## PROBLEM
Below is a listing; restate from it, character for character, the lines beginning at the line holding "layer by layer" and ending at the line holding "msp.add_line(p, q, dxfattribs=at)", both included.

--------

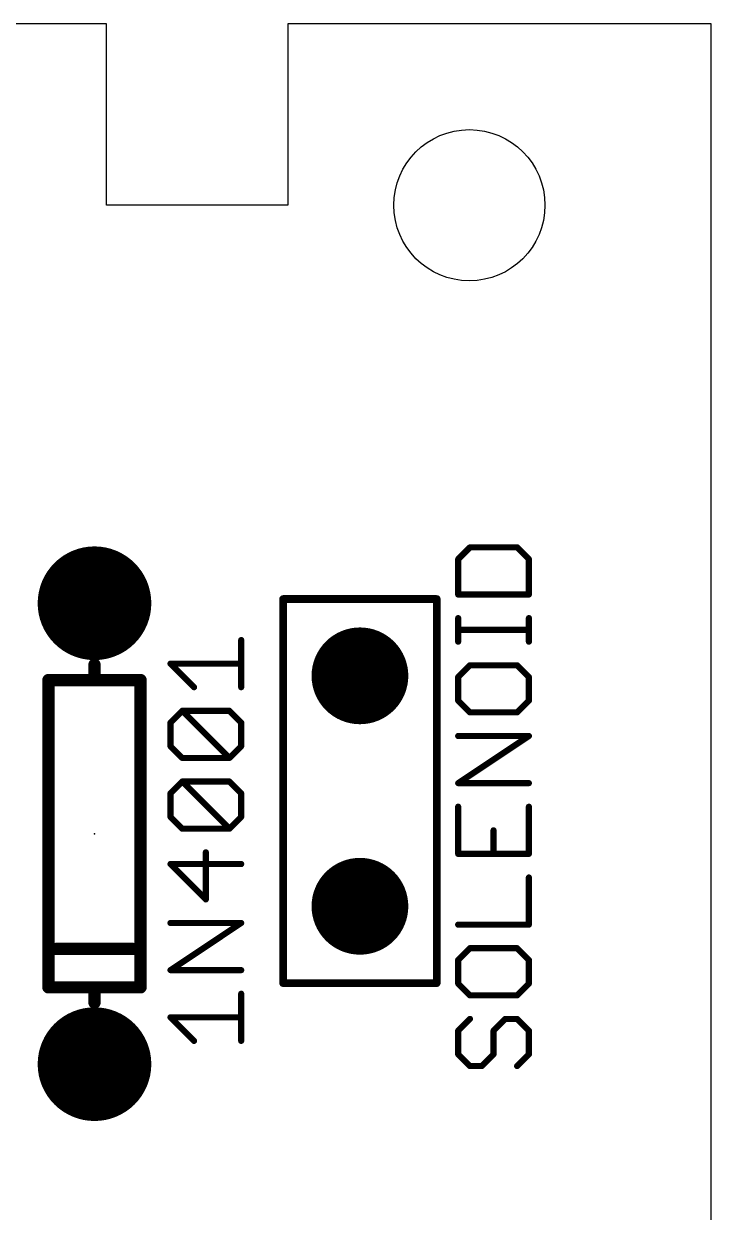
# Model space of a CAD drawing. Extents: x -2 to 100, y 0 to 44.
# Drawn here: x 88.63 to 100, y 24.35 to 44 of the extents above; entities that cross this region are included whole.
import ezdxf

# ---------------------------------------------------------------- set-up
doc = ezdxf.new("R2010")
doc.units = 0
for name, color, linetype in [('17', 94, 'CONTINUOUS'), ('20', 178, 'CONTINUOUS'), ('21', 250, 'CONTINUOUS'), ('23', 178, 'CONTINUOUS'), ('25', 250, 'CONTINUOUS')]:
    doc.layers.add(name, color=color, linetype=linetype)

# ---------------------------------------------------------------- blocks, each defined once
blk = doc.blocks.new('ROUNDP')
at = {"const_width": 0.5}
blk.add_lwpolyline([(0, -0.25, 1), (0, 0.25, 1), (0, -0.25)], format="xyb", dxfattribs=at)

msp = doc.modelspace()

# ---------------------------------------------------------------- linework, layer by layer
at = {"layer": '20'}
for p, q in [((90, 44), (54, 44)), ((90, 41), (90, 44)), ((100, 44), (93, 44)), ((93, 44), (93, 41)), ((100, 0), (100, 44)), ((93, 41), (90, 41))]:
    msp.add_line(p, q, dxfattribs=at)
msp.add_circle((96, 41), 1.25, dxfattribs=at)
at = {"layer": '21'}
for points, const_width in [([(92.92, 34.5218, 1), (92.92, 34.4582)], 0.0635), ([(92.9518, 34.49, 1), (92.8882, 34.49)], 0.0635), ([(95.4918, 34.49, 1), (95.4283, 34.49)], 0.0635), ([(95.46, 34.4582, 1), (95.46, 34.5218)], 0.0635), ([(92.2516, 33.8112, 1), (92.2008, 33.8112)], 0.0508), ([(89.8508, 33.404, 1), (89.7492, 33.404)], 0.1016), ([(91.0748, 33.4393, 1), (91.0388, 33.4034)], 0.0508), ([(91.0568, 33.4468, 1), (91.0568, 33.396)], 0.0508), ([(92.2262, 33.396, 1), (92.2262, 33.4468)], 0.0508), ([(89.0888, 33.15, 1), (88.9872, 33.15)], 0.1016), ([(89.038, 33.2008, 1), (89.038, 33.0992)], 0.1016), ([(89.8, 33.2008, 1), (89.8, 33.0992)], 0.1016), ([(89.8, 33.0992, 1), (89.8, 33.2008)], 0.1016), ([(90.6128, 33.15, 1), (90.5112, 33.15)], 0.1016), ([(90.562, 33.0992, 1), (90.562, 33.2008)], 0.1016), ([(89.7492, 33.15, 1), (89.8508, 33.15)], 0.1016), ([(91.4286, 33.0136, 1), (91.4646, 33.0495)], 0.0508), ([(92.2008, 33.0316, 1), (92.2516, 33.0316)], 0.0508), ([(91.2517, 32.6672, 1), (91.2517, 32.6164)], 0.0508), ([(91.2697, 32.6597, 1), (91.2337, 32.6238)], 0.0508), ([(91.2697, 32.6238, 1), (91.2337, 32.6597)], 0.0508), ([(92.0493, 32.6597, 1), (92.0133, 32.6238)], 0.0508), ([(92.0313, 32.6164, 1), (92.0313, 32.6672)], 0.0508), ([(91.0822, 32.4469, 1), (91.0314, 32.4469)], 0.0508), ([(91.0388, 32.4648, 1), (91.0748, 32.4289)], 0.0508), ([(92.2516, 32.4469, 1), (92.2008, 32.4469)], 0.0508), ([(92.2082, 32.4289, 1), (92.2442, 32.4648)], 0.0508), ([(91.0748, 32.075, 1), (91.0388, 32.0391)], 0.0508), ([(91.0314, 32.0571, 1), (91.0822, 32.0571)], 0.0508), ([(92.2008, 32.0571, 1), (92.2516, 32.0571)], 0.0508), ([(92.2442, 32.0391, 1), (92.2082, 32.075)], 0.0508), ([(91.2517, 31.8876, 1), (91.2517, 31.8368)], 0.0508), ([(91.2337, 31.8442, 1), (91.2697, 31.8801)], 0.0508), ([(92.0133, 31.8801, 1), (92.0493, 31.8442)], 0.0508), ([(92.0133, 31.8442, 1), (92.0493, 31.8801)], 0.0508), ([(92.0313, 31.8368, 1), (92.0313, 31.8876)], 0.0508), ([(91.2517, 31.4978, 1), (91.2517, 31.447)], 0.0508), ([(91.2697, 31.4903, 1), (91.2337, 31.4544)], 0.0508), ([(91.2697, 31.4544, 1), (91.2337, 31.4903)], 0.0508), ([(92.0493, 31.4903, 1), (92.0133, 31.4544)], 0.0508), ([(92.0313, 31.447, 1), (92.0313, 31.4978)], 0.0508), ([(91.0822, 31.2775, 1), (91.0314, 31.2775)], 0.0508), ([(91.0388, 31.2954, 1), (91.0748, 31.2595)], 0.0508), ([(92.2516, 31.2775, 1), (92.2008, 31.2775)], 0.0508), ([(92.2082, 31.2595, 1), (92.2442, 31.2954)], 0.0508), ([(91.0748, 30.9056, 1), (91.0388, 30.8697)], 0.0508), ([(91.0314, 30.8877, 1), (91.0822, 30.8877)], 0.0508), ([(92.2008, 30.8877, 1), (92.2516, 30.8877)], 0.0508), ([(92.2442, 30.8697, 1), (92.2082, 30.9056)], 0.0508), ([(91.2517, 30.7182, 1), (91.2517, 30.6674)], 0.0508), ([(91.2337, 30.6748, 1), (91.2697, 30.7108)], 0.0508), ([(92.0133, 30.7108, 1), (92.0493, 30.6748)], 0.0508), ([(92.0133, 30.6748, 1), (92.0493, 30.7108)], 0.0508), ([(92.0313, 30.6674, 1), (92.0313, 30.7182)], 0.0508), ([(91.6669, 30.303, 1), (91.6161, 30.303)], 0.0508), ([(91.0748, 30.1261, 1), (91.0388, 30.0901)], 0.0508), ([(91.0568, 30.1335, 1), (91.0568, 30.0827)], 0.0508), ([(92.2262, 30.0827, 1), (92.2262, 30.1335)], 0.0508), ([(91.6161, 29.5234, 1), (91.6669, 29.5234)], 0.0508), ([(91.6235, 29.5054, 1), (91.6595, 29.5414)], 0.0508), ([(91.0568, 29.159, 1), (91.0568, 29.1082)], 0.0508), ([(92.2403, 29.1125, 1), (92.2121, 29.1547)], 0.0508), ([(92.2262, 29.1082, 1), (92.2262, 29.159)], 0.0508), ([(89.165, 28.7558, 1), (89.165, 28.6542)], 0.1016), ([(90.435, 28.6542, 1), (90.435, 28.7558)], 0.1016), ([(91.0568, 28.3794, 1), (91.0568, 28.3286)], 0.0508), ([(91.0427, 28.3751, 1), (91.0709, 28.3329)], 0.0508), ([(92.2262, 28.3286, 1), (92.2262, 28.3794)], 0.0508), ([(89.038, 28.1208, 1), (89.038, 28.0192)], 0.1016), ([(88.9872, 28.07, 1), (89.0888, 28.07)], 0.1016), ([(89.8, 28.1208, 1), (89.8, 28.0192)], 0.1016), ([(89.8508, 28.07, 1), (89.7492, 28.07)], 0.1016), ([(89.8, 28.0192, 1), (89.8, 28.1208)], 0.1016), ([(90.5112, 28.07, 1), (90.6128, 28.07)], 0.1016), ([(90.562, 28.0192, 1), (90.562, 28.1208)], 0.1016), ([(92.8882, 28.14, 1), (92.9518, 28.14)], 0.0635), ([(92.92, 28.1717, 1), (92.92, 28.1083)], 0.0635), ([(95.4283, 28.14, 1), (95.4918, 28.14)], 0.0635), ([(95.46, 28.1083, 1), (95.46, 28.1717)], 0.0635), ([(92.2516, 27.9642, 1), (92.2008, 27.9642)], 0.0508), ([(89.7492, 27.816, 1), (89.8508, 27.816)], 0.1016), ([(91.0748, 27.5924, 1), (91.0388, 27.5564)], 0.0508), ([(91.0568, 27.5998, 1), (91.0568, 27.549)], 0.0508), ([(92.2262, 27.549, 1), (92.2262, 27.5998)], 0.0508), ([(91.4286, 27.1666, 1), (91.4646, 27.2026)], 0.0508), ([(92.2008, 27.1846, 1), (92.2516, 27.1846)], 0.0508)]:
    msp.add_lwpolyline(points, format="xyb", dxfattribs=dict(at, const_width=const_width))
for points, const_width in [([(95.46, 34.49), (92.92, 34.49)], 0.127), ([(92.92, 34.49), (92.92, 28.14)], 0.127), ([(95.46, 28.14), (95.46, 34.49)], 0.127), ([(92.2262, 33.0316), (92.2262, 33.8112)], 0.1016), ([(89.8, 33.15), (89.8, 33.404)], 0.2032), ([(91.4466, 33.0316), (91.0568, 33.4214)], 0.1016), ([(91.0568, 33.4214), (92.2262, 33.4214)], 0.1016), ([(89.038, 28.07), (89.038, 33.15)], 0.2032), ([(89.038, 33.15), (89.8, 33.15)], 0.2032), ([(89.8, 33.15), (90.562, 33.15)], 0.2032), ([(90.562, 33.15), (90.562, 28.07)], 0.2032), ([(91.0568, 32.4469), (91.2517, 32.6418)], 0.1016), ([(91.2517, 32.6418), (92.0313, 32.6418)], 0.1016), ([(92.0313, 31.8622), (91.2517, 32.6418)], 0.1016), ([(92.0313, 32.6418), (92.2262, 32.4469)], 0.1016), ([(91.0568, 32.0571), (91.0568, 32.4469)], 0.1016), ([(92.2262, 32.4469), (92.2262, 32.0571)], 0.1016), ([(91.2517, 31.8622), (91.0568, 32.0571)], 0.1016), ([(92.2262, 32.0571), (92.0313, 31.8622)], 0.1016), ([(92.0313, 31.8622), (91.2517, 31.8622)], 0.1016), ([(91.0568, 31.2775), (91.2517, 31.4724)], 0.1016), ([(91.2517, 31.4724), (92.0313, 31.4724)], 0.1016), ([(92.0313, 30.6928), (91.2517, 31.4724)], 0.1016), ([(92.0313, 31.4724), (92.2262, 31.2775)], 0.1016), ([(91.0568, 30.8877), (91.0568, 31.2775)], 0.1016), ([(92.2262, 31.2775), (92.2262, 30.8877)], 0.1016), ([(91.2517, 30.6928), (91.0568, 30.8877)], 0.1016), ([(92.2262, 30.8877), (92.0313, 30.6928)], 0.1016), ([(92.0313, 30.6928), (91.2517, 30.6928)], 0.1016), ([(91.6415, 29.5234), (91.6415, 30.303)], 0.1016), ([(92.2262, 30.1081), (91.0568, 30.1081)], 0.1016), ([(91.0568, 30.1081), (91.6415, 29.5234)], 0.1016), ([(91.0568, 28.354), (92.2262, 29.1336)], 0.1016), ([(92.2262, 29.1336), (91.0568, 29.1336)], 0.1016), ([(90.435, 28.705), (89.165, 28.705)], 0.2032), ([(92.2262, 28.354), (91.0568, 28.354)], 0.1016), ([(89.8, 28.07), (89.038, 28.07)], 0.2032), ([(90.562, 28.07), (89.8, 28.07)], 0.2032), ([(89.8, 28.07), (89.8, 27.816)], 0.2032), ([(92.92, 28.14), (95.46, 28.14)], 0.127), ([(92.2262, 27.1846), (92.2262, 27.9642)], 0.1016), ([(91.4466, 27.1846), (91.0568, 27.5744)], 0.1016), ([(91.0568, 27.5744), (92.2262, 27.5744)], 0.1016)]:
    msp.add_lwpolyline(points, dxfattribs=dict(at, const_width=const_width))
at = {"layer": '23'}
for p in [(89.8, 30.61), (94.19, 29.41)]:
    msp.add_point(p, dxfattribs=at)
at = {"layer": '25', "const_width": 0.1016}
for points in [[(96.0097, 35.3437), (95.8148, 35.1488)], [(96.7893, 35.3437), (96.0097, 35.3437)], [(96.9842, 35.1488), (96.7893, 35.3437)], [(95.8148, 35.1488), (95.8148, 34.5641)], [(96.9842, 34.5641), (96.9842, 35.1488)], [(95.8148, 34.5641), (96.9842, 34.5641)], [(95.8148, 33.7845), (95.8148, 34.1743)], [(96.9842, 33.7845), (96.9842, 34.1743)], [(96.9842, 33.9794), (95.8148, 33.9794)], [(96.0097, 33.3947), (95.8148, 33.1998)], [(96.7893, 33.3947), (96.0097, 33.3947)], [(96.9842, 33.1998), (96.7893, 33.3947)], [(95.8148, 33.1998), (95.8148, 32.81)], [(96.9842, 32.81), (96.9842, 33.1998)], [(95.8148, 32.81), (96.0097, 32.6151)], [(96.7893, 32.6151), (96.9842, 32.81)], [(96.0097, 32.6151), (96.7893, 32.6151)], [(95.8148, 31.4457), (96.9842, 32.2253)], [(96.9842, 32.2253), (95.8148, 32.2253)], [(96.9842, 31.4457), (95.8148, 31.4457)], [(95.8148, 31.0559), (95.8148, 30.2763)], [(96.9842, 30.2763), (96.9842, 31.0559)], [(96.3995, 30.2763), (96.3995, 30.6661)], [(95.8148, 30.2763), (96.9842, 30.2763)], [(96.9842, 29.1069), (96.9842, 29.8865)], [(95.8148, 29.1069), (96.9842, 29.1069)], [(96.0097, 28.7171), (95.8148, 28.5222)], [(96.7893, 28.7171), (96.0097, 28.7171)], [(96.9842, 28.5222), (96.7893, 28.7171)], [(95.8148, 28.5222), (95.8148, 28.1324)], [(96.9842, 28.1324), (96.9842, 28.5222)], [(95.8148, 28.1324), (96.0097, 27.9375)], [(96.7893, 27.9375), (96.9842, 28.1324)], [(96.0097, 27.9375), (96.7893, 27.9375)], [(96.0097, 27.5477), (95.8148, 27.3528)], [(96.3995, 27.3528), (96.5944, 27.5477)], [(96.5944, 27.5477), (96.7893, 27.5477)], [(96.7893, 27.5477), (96.9842, 27.3528)], [(95.8148, 27.3528), (95.8148, 26.963)], [(96.3995, 26.963), (96.3995, 27.3528)], [(96.9842, 27.3528), (96.9842, 26.963)], [(95.8148, 26.963), (96.0097, 26.7681)], [(96.2046, 26.7681), (96.3995, 26.963)], [(96.9842, 26.963), (96.7893, 26.7681)], [(96.0097, 26.7681), (96.2046, 26.7681)]]:
    msp.add_lwpolyline(points, dxfattribs=at)
at = {"layer": '25', "const_width": 0.0508}
for points in [[(96.0097, 35.3691, 1), (96.0097, 35.3183)], [(96.0277, 35.3257, 1), (95.9917, 35.3616)], [(96.8073, 35.3616, 1), (96.7713, 35.3257)], [(96.7893, 35.3183, 1), (96.7893, 35.3691)], [(95.8402, 35.1488, 1), (95.7894, 35.1488)], [(95.7968, 35.1667, 1), (95.8328, 35.1308)], [(97.0096, 35.1488, 1), (96.9588, 35.1488)], [(96.9662, 35.1308, 1), (97.0022, 35.1667)], [(95.8148, 34.5895, 1), (95.8148, 34.5387)], [(95.7894, 34.5641, 1), (95.8402, 34.5641)], [(96.9588, 34.5641, 1), (97.0096, 34.5641)], [(96.9842, 34.5387, 1), (96.9842, 34.5895)], [(95.8402, 34.1743, 1), (95.7894, 34.1743)], [(97.0096, 34.1743, 1), (96.9588, 34.1743)], [(95.8148, 34.0048, 1), (95.8148, 33.954)], [(96.9842, 33.954, 1), (96.9842, 34.0048)], [(95.7894, 33.7845, 1), (95.8402, 33.7845)], [(96.9588, 33.7845, 1), (97.0096, 33.7845)], [(96.0097, 33.4201, 1), (96.0097, 33.3693)], [(96.0277, 33.3767, 1), (95.9917, 33.4126)], [(96.8073, 33.4126, 1), (96.7713, 33.3767)], [(96.7893, 33.3693, 1), (96.7893, 33.4201)], [(95.8402, 33.1998, 1), (95.7894, 33.1998)], [(95.7968, 33.2177, 1), (95.8328, 33.1818)], [(97.0096, 33.1998, 1), (96.9588, 33.1998)], [(96.9662, 33.1818, 1), (97.0022, 33.2177)], [(95.8328, 32.8279, 1), (95.7968, 32.792)], [(95.7894, 32.81, 1), (95.8402, 32.81)], [(96.9588, 32.81, 1), (97.0096, 32.81)], [(97.0022, 32.792, 1), (96.9662, 32.8279)], [(96.0097, 32.6405, 1), (96.0097, 32.5897)], [(95.9917, 32.5971, 1), (96.0277, 32.633)], [(96.7713, 32.633, 1), (96.8073, 32.5971)], [(96.7893, 32.5897, 1), (96.7893, 32.6405)], [(95.8148, 32.2507, 1), (95.8148, 32.1999)], [(96.9983, 32.2042, 1), (96.9701, 32.2464)], [(96.9842, 32.1999, 1), (96.9842, 32.2507)], [(95.8148, 31.4711, 1), (95.8148, 31.4203)], [(95.8007, 31.4668, 1), (95.8289, 31.4246)], [(96.9842, 31.4203, 1), (96.9842, 31.4711)], [(95.8402, 31.0559, 1), (95.7894, 31.0559)], [(97.0096, 31.0559, 1), (96.9588, 31.0559)], [(96.4249, 30.6661, 1), (96.3741, 30.6661)], [(95.8148, 30.3017, 1), (95.8148, 30.2509)], [(95.7894, 30.2763, 1), (95.8402, 30.2763)], [(96.3741, 30.2763, 1), (96.4249, 30.2763)], [(96.9588, 30.2763, 1), (97.0096, 30.2763)], [(96.9842, 30.2509, 1), (96.9842, 30.3017)], [(97.0096, 29.8865, 1), (96.9588, 29.8865)], [(95.8148, 29.1323, 1), (95.8148, 29.0815)], [(96.9588, 29.1069, 1), (97.0096, 29.1069)], [(96.9842, 29.0815, 1), (96.9842, 29.1323)], [(96.0097, 28.7425, 1), (96.0097, 28.6917)], [(96.0277, 28.6991, 1), (95.9917, 28.7351)], [(96.8073, 28.7351, 1), (96.7713, 28.6991)], [(96.7893, 28.6917, 1), (96.7893, 28.7425)], [(95.7968, 28.5402, 1), (95.8328, 28.5042)], [(95.8402, 28.5222, 1), (95.7894, 28.5222)], [(97.0096, 28.5222, 1), (96.9588, 28.5222)], [(96.9662, 28.5042, 1), (97.0022, 28.5402)], [(95.8328, 28.1504, 1), (95.7968, 28.1144)], [(95.7894, 28.1324, 1), (95.8402, 28.1324)], [(96.9588, 28.1324, 1), (97.0096, 28.1324)], [(97.0022, 28.1144, 1), (96.9662, 28.1504)], [(96.0097, 27.9629, 1), (96.0097, 27.9121)], [(95.9917, 27.9195, 1), (96.0277, 27.9555)], [(96.7713, 27.9555, 1), (96.8073, 27.9195)], [(96.7893, 27.9121, 1), (96.7893, 27.9629)], [(96.0277, 27.5297, 1), (95.9917, 27.5657)], [(96.5944, 27.5731, 1), (96.5944, 27.5223)], [(96.6124, 27.5297, 1), (96.5764, 27.5657)], [(96.8073, 27.5657, 1), (96.7713, 27.5297)], [(96.7893, 27.5223, 1), (96.7893, 27.5731)], [(95.7968, 27.3708, 1), (95.8328, 27.3348)], [(95.8402, 27.3528, 1), (95.7894, 27.3528)], [(96.3815, 27.3708, 1), (96.4175, 27.3348)], [(96.4249, 27.3528, 1), (96.3741, 27.3528)], [(97.0096, 27.3528, 1), (96.9588, 27.3528)], [(96.9662, 27.3348, 1), (97.0022, 27.3708)], [(95.8328, 26.981, 1), (95.7968, 26.945)], [(95.7894, 26.963, 1), (95.8402, 26.963)], [(96.3741, 26.963, 1), (96.4249, 26.963)], [(96.4175, 26.945, 1), (96.3815, 26.981)], [(96.9588, 26.963, 1), (97.0096, 26.963)], [(97.0022, 26.945, 1), (96.9662, 26.981)], [(96.0097, 26.7935, 1), (96.0097, 26.7427)], [(95.9917, 26.7501, 1), (96.0277, 26.7861)], [(96.1866, 26.7861, 1), (96.2226, 26.7501)], [(96.2046, 26.7427, 1), (96.2046, 26.7935)], [(96.7713, 26.7861, 1), (96.8073, 26.7501)]]:
    msp.add_lwpolyline(points, format="xyb", dxfattribs=at)

# ---------------------------------------------------------------- block references
at = {"layer": '17'}
for p, xscale, yscale, rotation in [((89.8, 34.42), 1.8796, 1.8796, 270), ((89.8, 34.42), 1.8796, 1.8796, 270), ((94.19, 33.22), 1.6002, 1.6002, 90), ((94.19, 33.22), 1.6002, 1.6002, 90), ((94.19, 29.41), 1.6002, 1.6002, 90), ((94.19, 29.41), 1.6002, 1.6002, 90), ((89.8, 26.8), 1.8796, 1.8796, 270), ((89.8, 26.8), 1.8796, 1.8796, 270)]:
    msp.add_blockref('ROUNDP', p, dxfattribs=dict(at, xscale=xscale, yscale=yscale, rotation=rotation))

doc.saveas('drawing.dxf')

--------

## ANSWER SPACE
# ---------------------------------------------------------------- linework, layer by layer
at = {"layer": '20'}
for p, q in [((90, 44), (54, 44)), ((90, 41), (90, 44)), ((100, 44), (93, 44)), ((93, 44), (93, 41)), ((100, 0), (100, 44)), ((93, 41), (90, 41))]:
    msp.add_line(p, q, dxfattribs=at)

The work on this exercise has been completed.